= G. Emerson Cole =

American radio and TV producer (1919–2012)

George Emerson Cole (January 5, 1919 – March 31, 2012) was an American radio, television, and special events producer/announcer pioneer whose weekly radio program "The Big Bands Are Back" ran for over 32 consecutive years in Pinehurst, North Carolina. It is said to be the longest-running big band radio program in history.

== College ==
After graduation from high school with honors in Peoria, Illinois in 1936 Cole entered Cornell University where he began his career in broadcasting by building and operating a wired college network station which has become the Cornell FM radio station. He was involved in the creation of the Intercollegiate Broadcasting System to help other universities build similar stations.

Cole was graduated from Cornell in 1941 with BAs In Mechanical Engineering and Business Administration. He joined the United States Navy on December 8, 1941.

== WWII ==

Emerson Cole joined the Navy the day after the Pearl Harbor invasion on December 8, 1941 and was sent to General Electric to work with their radar development programs until he was called up for active duty in 1944.

After Communication School at Harvard, Cole was sent to Melville, Rhode Island to train for PT boat duty.
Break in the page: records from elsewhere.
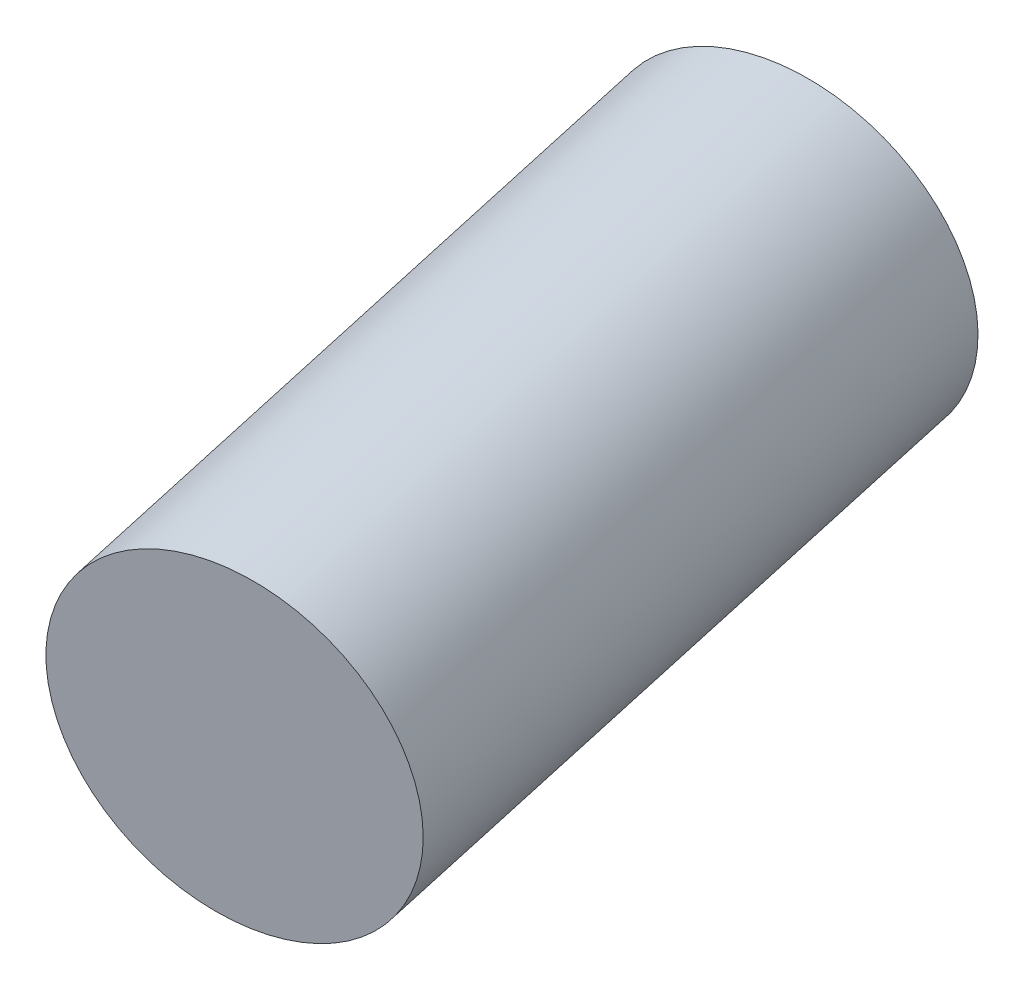
ISO-10303-21;
HEADER;
FILE_DESCRIPTION(('STEP AP214'),'2;1');
FILE_NAME('part.step','',(''),(''),'','','');
FILE_SCHEMA(('AUTOMOTIVE_DESIGN { 1 0 10303 214 1 1 1 1 }'));
ENDSEC;
DATA;
#1=APPLICATION_CONTEXT('core data for automotive mechanical design processes');
#2=APPLICATION_PROTOCOL_DEFINITION('international standard','automotive_design',2000,#1);
#3=PRODUCT_CONTEXT('',#1,'mechanical');
#4=PRODUCT('Part','Part','',(#3));
#5=PRODUCT_RELATED_PRODUCT_CATEGORY('part','',(#4));
#6=PRODUCT_DEFINITION_FORMATION('','',#4);
#7=PRODUCT_DEFINITION_CONTEXT('part definition',#1,'design');
#8=PRODUCT_DEFINITION('design','',#6,#7);
#9=PRODUCT_DEFINITION_SHAPE('','',#8);
#10=(LENGTH_UNIT() NAMED_UNIT(*) SI_UNIT(.MILLI.,.METRE.));
#11=(NAMED_UNIT(*) PLANE_ANGLE_UNIT() SI_UNIT($,.RADIAN.));
#12=(NAMED_UNIT(*) SI_UNIT($,.STERADIAN.) SOLID_ANGLE_UNIT());
#13=UNCERTAINTY_MEASURE_WITH_UNIT(LENGTH_MEASURE(1.E-05),#10,'distance_accuracy_value','');
#14=(GEOMETRIC_REPRESENTATION_CONTEXT(3) GLOBAL_UNCERTAINTY_ASSIGNED_CONTEXT((#13)) GLOBAL_UNIT_ASSIGNED_CONTEXT((#10,
#11,#12)) REPRESENTATION_CONTEXT('',''));
#15=CARTESIAN_POINT('',(0.,0.,0.));
#16=DIRECTION('',(0.,0.,1.));
#17=DIRECTION('',(1.,0.,0.));
#18=AXIS2_PLACEMENT_3D('',#15,#16,#17);
#19=CARTESIAN_POINT('',(-9.62646498755638,5.55784215191033,4.48352085995661));
#20=DIRECTION('',(-0.150383733180432,0.0868240888334654,-0.984807753012209));
#21=DIRECTION('',(-0.852868531952438,0.492403876506114,0.173648177666928));
#22=AXIS2_PLACEMENT_3D('',#19,#20,#21);
#23=PLANE('',#22);
#24=CARTESIAN_POINT('',(-9.62646498755639,5.55784215191034,4.48352085995661));
#25=DIRECTION('',(0.150383733180432,-0.0868240888334655,0.984807753012209));
#26=DIRECTION('',(0.852868531952438,-0.492403876506114,-0.173648177666928));
#27=AXIS2_PLACEMENT_3D('',#24,#25,#26);
#28=CIRCLE('',#27,1.93220030269667);
#29=CARTESIAN_POINT('',(-7.97855215195742,4.60641923267621,4.14799779850585));
#30=VERTEX_POINT('',#29);
#31=EDGE_CURVE('E10',#30,#30,#28,.T.);
#32=ORIENTED_EDGE('',*,*,#31,.T.);
#33=EDGE_LOOP('',(#32));
#34=FACE_BOUND('',#33,.T.);
#35=ADVANCED_FACE('F15',(#34),#23,.F.);
#36=CARTESIAN_POINT('',(-9.46265533813219,5.46326660671941,5.55625000000001));
#37=DIRECTION('',(0.150383733180432,-0.0868240888334655,0.984807753012209));
#38=DIRECTION('',(0.852868531952438,-0.492403876506114,-0.173648177666928));
#39=AXIS2_PLACEMENT_3D('',#36,#37,#38);
#40=CYLINDRICAL_SURFACE('',#39,1.93220030269667);
#41=ORIENTED_EDGE('',*,*,#31,.F.);
#42=EDGE_LOOP('',(#41));
#43=FACE_BOUND('',#42,.T.);
#44=CARTESIAN_POINT('',(-10.7959490356234,6.23304408187481,-3.175));
#45=DIRECTION('',(0.150383733180432,-0.0868240888334655,0.984807753012209));
#46=DIRECTION('',(0.852868531952438,-0.492403876506114,-0.173648177666928));
#47=AXIS2_PLACEMENT_3D('',#44,#45,#46);
#48=CIRCLE('',#47,1.93220030269668);
#49=CARTESIAN_POINT('',(-9.14803620002443,5.28162116264068,-3.51052306145076));
#50=VERTEX_POINT('',#49);
#51=EDGE_CURVE('E19',#50,#50,#48,.T.);
#52=ORIENTED_EDGE('',*,*,#51,.T.);
#53=EDGE_LOOP('',(#52));
#54=FACE_BOUND('',#53,.T.);
#55=ADVANCED_FACE('F28',(#43,#54),#40,.T.);
#56=CARTESIAN_POINT('',(-12.4438618712224,7.18446700110894,-2.83947693854923));
#57=DIRECTION('',(0.150383733180432,-0.0868240888334654,0.984807753012209));
#58=DIRECTION('',(0.852868531952438,-0.492403876506114,-0.173648177666928));
#59=AXIS2_PLACEMENT_3D('',#56,#57,#58);
#60=PLANE('',#59);
#61=ORIENTED_EDGE('',*,*,#51,.F.);
#62=EDGE_LOOP('',(#61));
#63=FACE_BOUND('',#62,.T.);
#64=ADVANCED_FACE('F17',(#63),#60,.F.);
#65=CLOSED_SHELL('',(#35,#55,#64));
#66=MANIFOLD_SOLID_BREP('B1',#65);
#67=ADVANCED_BREP_SHAPE_REPRESENTATION('',(#18,#66),#14);
#68=SHAPE_DEFINITION_REPRESENTATION(#9,#67);
ENDSEC;
END-ISO-10303-21;

He sailed from San Francisco to the Philippines in 1944 to join the Pacific Task Force.

On the way to Balikpapan, Borneo the last invasion of WW II, Cole joined Squadron 10, the remainder of John F. Kennedy's PT-109 boat squadron, on PT-171.

On one of his 13 patrols the boat's radar malfunctioned and the operator was unable to get it back on the air. By coincidence it was the same General Electric model SO-2 that Emerson had helped to develop at General Electric and he was able to restore it in less than a minute.

During his tenure in the Navy Emerson Cole took many historic photographs and sketches of the people and places in Pacific wartime and some have found their way into private and public collections as valuable relics of life in the wartime Navy in the South Pacific.

At the end of the war, PT-171 with Lt.(jg). Emerson Cole as skipper patrolled the coast for holdouts with a Japanese prisoner on the bow of the boat who called out to the shoreline over a speaker saying "It is over, don't shoot!"

Surrender terms for the Dutch West Indies were signed on an Australian cruiser and then skipper Lt.(jg) Emerson Cole sailed PT-171 back to the Philippines where the boats were burned to the waterline while their crews awaited the trip home.

== Television ==
After the war, Cole became a television commercial writer, director, and producer at Benton & Bowles Advertising Agency working directly under Shepherd Mead, author of the best-selling book How to Succeed in Business Without Really Trying. Cole claims he was featured in chapter 7, which did not appear in the movie that was made from the book.

In those days television shows were produced live and some of the programs he worked on included The Colgate Comedy Hour, The Jackie Gleason Show, Life Begins At 80, Ford Star Time, Omnibus, Captain Video, and The Gale Storm Show.

== Civic ==

For 35 years Emerson Cole lived in Darien, Connecticut. While serving as president of the YMCA, which had no building, Cole found an opportunity to acquire property of 7.5 acres on Long Island Sound from an estate sale, and with community donations spearheaded the remodeling of existing structures into a state-of-the-art Darien Community YMCA facility that features a 6-lane swimming pool looking out to the sound. There is an underwater window for checking on divers.

Property and construction costs were paid off in only five years and a second campaign resulted in the addition of another pool, handball courts, and gymnasium that were also paid off in five years.

== Big band radio ==
Emerson Cole moved his family from Connecticut to Pinehurst, North Carolina and on February 24, 1980 began his epic series of broadcasts, "The Big Bands Are Back" on radio stations WIOZ and WIOZ-FM which he continued to produce and broadcast on a weekly basis until his death in 2012; a record for longevity which is without equal in known radio broadcast history.

Cole produced a four-hour radio documentary about the December 7, 1941 Pearl Harbor invasion which has been required listening for some Moore County, NC school children.

The Pearl Harbor special includes original recordings of famous speeches, and eclectic sketches such as a rare Armed Forces Network recording of Glenn Miller broadcasting to the German troops in what Mr. Cole called "terrible" German.